(Beginning of Data extracts)

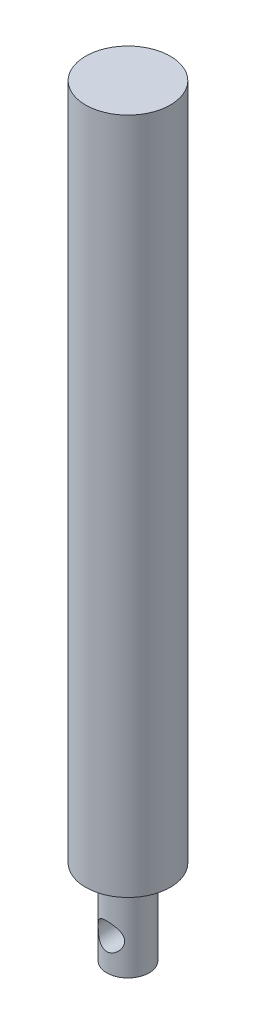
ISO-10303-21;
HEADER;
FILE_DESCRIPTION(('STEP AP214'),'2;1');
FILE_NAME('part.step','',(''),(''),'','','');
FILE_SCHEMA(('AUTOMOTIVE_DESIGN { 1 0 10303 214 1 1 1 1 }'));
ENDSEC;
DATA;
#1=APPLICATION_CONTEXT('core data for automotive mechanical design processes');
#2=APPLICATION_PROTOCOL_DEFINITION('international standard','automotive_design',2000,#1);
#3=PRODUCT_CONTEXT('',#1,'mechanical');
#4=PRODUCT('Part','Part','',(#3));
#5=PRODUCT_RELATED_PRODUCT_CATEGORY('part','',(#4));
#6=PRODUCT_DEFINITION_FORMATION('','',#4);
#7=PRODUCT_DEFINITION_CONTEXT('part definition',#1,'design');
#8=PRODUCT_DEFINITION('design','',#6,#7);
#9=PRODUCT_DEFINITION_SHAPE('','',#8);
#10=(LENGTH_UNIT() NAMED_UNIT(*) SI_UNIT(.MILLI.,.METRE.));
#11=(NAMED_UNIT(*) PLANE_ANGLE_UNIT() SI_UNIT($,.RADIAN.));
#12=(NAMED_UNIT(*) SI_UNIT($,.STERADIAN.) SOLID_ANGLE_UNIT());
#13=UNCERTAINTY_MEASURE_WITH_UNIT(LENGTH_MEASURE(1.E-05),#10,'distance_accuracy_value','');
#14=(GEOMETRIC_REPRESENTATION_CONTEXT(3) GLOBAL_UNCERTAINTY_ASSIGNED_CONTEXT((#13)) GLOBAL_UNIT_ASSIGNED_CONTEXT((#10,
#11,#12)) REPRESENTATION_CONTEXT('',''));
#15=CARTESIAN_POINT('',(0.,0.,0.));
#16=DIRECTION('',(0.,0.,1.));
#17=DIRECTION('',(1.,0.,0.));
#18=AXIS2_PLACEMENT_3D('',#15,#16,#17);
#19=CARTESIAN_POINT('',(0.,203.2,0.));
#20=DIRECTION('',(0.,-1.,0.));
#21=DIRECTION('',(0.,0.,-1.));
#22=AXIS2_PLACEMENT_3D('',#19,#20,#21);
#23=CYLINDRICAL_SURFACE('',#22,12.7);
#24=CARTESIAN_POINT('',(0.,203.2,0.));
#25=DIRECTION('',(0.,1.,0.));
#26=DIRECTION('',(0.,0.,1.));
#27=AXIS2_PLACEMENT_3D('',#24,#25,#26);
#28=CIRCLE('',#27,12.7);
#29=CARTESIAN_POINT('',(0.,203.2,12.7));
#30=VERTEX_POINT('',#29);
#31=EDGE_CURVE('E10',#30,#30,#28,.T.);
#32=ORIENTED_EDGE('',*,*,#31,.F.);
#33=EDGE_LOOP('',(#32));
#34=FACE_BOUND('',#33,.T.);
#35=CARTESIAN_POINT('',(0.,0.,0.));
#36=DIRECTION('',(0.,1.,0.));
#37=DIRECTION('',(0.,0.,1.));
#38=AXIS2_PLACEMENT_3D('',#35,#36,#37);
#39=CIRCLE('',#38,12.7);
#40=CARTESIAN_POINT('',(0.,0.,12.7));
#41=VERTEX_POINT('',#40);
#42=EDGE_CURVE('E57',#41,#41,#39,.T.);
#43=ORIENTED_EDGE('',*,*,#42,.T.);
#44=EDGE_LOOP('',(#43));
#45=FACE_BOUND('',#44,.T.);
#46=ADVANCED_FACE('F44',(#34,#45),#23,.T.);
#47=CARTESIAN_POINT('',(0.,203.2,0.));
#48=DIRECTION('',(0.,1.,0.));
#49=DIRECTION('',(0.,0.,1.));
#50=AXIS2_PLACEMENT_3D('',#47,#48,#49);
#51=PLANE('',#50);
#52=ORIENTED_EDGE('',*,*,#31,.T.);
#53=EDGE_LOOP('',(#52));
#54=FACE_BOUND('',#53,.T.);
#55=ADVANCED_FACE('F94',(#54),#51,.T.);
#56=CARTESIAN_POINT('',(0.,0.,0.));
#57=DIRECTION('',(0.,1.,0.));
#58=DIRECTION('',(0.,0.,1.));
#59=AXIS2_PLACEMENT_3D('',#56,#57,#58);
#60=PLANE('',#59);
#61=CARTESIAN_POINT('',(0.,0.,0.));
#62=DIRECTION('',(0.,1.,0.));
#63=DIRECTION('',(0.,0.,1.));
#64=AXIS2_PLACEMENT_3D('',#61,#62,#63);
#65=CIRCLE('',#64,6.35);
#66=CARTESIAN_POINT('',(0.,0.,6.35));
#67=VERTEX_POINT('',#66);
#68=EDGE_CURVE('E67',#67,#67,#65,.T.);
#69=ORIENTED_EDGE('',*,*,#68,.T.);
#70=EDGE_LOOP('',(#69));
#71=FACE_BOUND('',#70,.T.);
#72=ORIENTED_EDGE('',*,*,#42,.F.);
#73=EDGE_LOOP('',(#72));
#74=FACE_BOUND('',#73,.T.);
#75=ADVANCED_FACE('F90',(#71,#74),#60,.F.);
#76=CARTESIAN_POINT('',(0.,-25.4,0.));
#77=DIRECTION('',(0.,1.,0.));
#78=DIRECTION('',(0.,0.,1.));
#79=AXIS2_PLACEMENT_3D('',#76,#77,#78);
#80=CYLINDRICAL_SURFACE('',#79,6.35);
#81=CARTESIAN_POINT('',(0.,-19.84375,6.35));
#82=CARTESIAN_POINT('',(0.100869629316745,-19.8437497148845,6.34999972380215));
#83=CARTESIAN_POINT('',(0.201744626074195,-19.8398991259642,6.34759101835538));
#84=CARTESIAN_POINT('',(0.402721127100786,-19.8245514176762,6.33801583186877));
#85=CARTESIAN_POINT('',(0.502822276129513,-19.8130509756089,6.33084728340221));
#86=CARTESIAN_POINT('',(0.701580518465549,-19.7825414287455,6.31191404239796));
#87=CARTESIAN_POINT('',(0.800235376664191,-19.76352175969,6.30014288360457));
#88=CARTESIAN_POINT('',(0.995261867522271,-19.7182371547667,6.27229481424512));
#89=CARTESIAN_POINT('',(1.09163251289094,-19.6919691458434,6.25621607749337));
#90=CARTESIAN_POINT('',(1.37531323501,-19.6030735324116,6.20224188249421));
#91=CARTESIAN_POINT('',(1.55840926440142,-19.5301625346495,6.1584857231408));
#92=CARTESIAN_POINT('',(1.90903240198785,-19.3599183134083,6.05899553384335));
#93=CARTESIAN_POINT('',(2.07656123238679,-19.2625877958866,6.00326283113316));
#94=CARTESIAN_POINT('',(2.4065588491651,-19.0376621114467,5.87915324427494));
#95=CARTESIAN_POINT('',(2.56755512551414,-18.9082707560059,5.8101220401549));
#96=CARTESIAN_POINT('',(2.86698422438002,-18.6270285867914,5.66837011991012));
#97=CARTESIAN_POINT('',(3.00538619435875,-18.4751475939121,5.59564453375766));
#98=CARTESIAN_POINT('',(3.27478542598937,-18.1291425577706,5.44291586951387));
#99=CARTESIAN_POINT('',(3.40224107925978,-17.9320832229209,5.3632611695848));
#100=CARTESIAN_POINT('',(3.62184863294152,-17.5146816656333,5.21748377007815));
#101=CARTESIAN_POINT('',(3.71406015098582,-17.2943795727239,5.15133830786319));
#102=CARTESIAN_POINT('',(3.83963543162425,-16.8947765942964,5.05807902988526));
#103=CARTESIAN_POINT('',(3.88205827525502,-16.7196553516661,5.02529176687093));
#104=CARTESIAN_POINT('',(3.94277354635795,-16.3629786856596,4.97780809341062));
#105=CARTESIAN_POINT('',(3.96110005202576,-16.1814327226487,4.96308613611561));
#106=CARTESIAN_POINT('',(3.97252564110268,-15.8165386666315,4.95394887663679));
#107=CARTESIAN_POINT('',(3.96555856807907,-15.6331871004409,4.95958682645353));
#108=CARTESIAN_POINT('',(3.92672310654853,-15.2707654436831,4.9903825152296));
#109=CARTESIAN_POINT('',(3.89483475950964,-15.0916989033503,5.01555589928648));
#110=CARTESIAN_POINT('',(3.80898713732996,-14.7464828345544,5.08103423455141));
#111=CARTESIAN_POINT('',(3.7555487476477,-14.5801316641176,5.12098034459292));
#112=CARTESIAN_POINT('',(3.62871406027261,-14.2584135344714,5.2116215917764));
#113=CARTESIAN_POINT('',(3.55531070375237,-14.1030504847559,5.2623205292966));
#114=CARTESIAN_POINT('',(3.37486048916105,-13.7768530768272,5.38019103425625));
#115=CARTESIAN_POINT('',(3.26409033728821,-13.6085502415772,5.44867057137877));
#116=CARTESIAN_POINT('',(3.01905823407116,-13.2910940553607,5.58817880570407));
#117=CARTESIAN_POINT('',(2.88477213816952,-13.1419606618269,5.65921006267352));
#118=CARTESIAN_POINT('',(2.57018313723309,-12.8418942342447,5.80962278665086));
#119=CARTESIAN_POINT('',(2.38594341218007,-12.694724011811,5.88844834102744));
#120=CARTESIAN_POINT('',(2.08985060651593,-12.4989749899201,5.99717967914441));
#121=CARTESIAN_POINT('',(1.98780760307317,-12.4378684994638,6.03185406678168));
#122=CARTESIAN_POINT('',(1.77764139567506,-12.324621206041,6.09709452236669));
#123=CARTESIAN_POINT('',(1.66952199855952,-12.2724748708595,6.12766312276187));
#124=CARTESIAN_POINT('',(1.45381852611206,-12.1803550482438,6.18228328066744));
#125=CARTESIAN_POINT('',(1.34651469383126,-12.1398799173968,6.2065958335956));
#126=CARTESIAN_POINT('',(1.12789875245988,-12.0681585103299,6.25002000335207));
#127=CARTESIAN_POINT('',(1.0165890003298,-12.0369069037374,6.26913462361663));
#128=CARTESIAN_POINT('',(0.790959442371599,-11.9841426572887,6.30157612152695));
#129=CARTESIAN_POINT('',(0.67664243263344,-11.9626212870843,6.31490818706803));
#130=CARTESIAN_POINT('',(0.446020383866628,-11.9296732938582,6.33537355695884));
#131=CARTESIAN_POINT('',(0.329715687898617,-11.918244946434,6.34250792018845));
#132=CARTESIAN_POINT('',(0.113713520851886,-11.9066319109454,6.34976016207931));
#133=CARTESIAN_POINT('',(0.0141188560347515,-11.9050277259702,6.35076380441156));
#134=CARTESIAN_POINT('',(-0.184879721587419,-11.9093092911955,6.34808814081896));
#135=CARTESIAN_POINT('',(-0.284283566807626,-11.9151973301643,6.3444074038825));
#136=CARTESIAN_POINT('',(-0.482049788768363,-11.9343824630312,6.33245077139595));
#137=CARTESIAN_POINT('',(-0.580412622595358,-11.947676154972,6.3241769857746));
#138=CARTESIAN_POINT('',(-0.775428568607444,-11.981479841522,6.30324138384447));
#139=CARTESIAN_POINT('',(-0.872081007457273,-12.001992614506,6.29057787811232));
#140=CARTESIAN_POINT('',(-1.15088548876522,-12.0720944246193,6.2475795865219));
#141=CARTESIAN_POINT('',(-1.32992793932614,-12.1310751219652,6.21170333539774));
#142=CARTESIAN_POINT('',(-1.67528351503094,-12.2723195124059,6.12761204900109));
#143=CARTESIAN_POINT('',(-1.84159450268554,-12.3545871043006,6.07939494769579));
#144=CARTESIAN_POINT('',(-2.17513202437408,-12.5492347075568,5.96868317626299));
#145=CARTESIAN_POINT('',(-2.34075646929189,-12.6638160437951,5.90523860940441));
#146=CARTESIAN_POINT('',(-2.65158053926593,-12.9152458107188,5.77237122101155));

(End of Data extracts)

When a line of the data above holds the string "mechanical", count it, and reply with the resulting number only.

2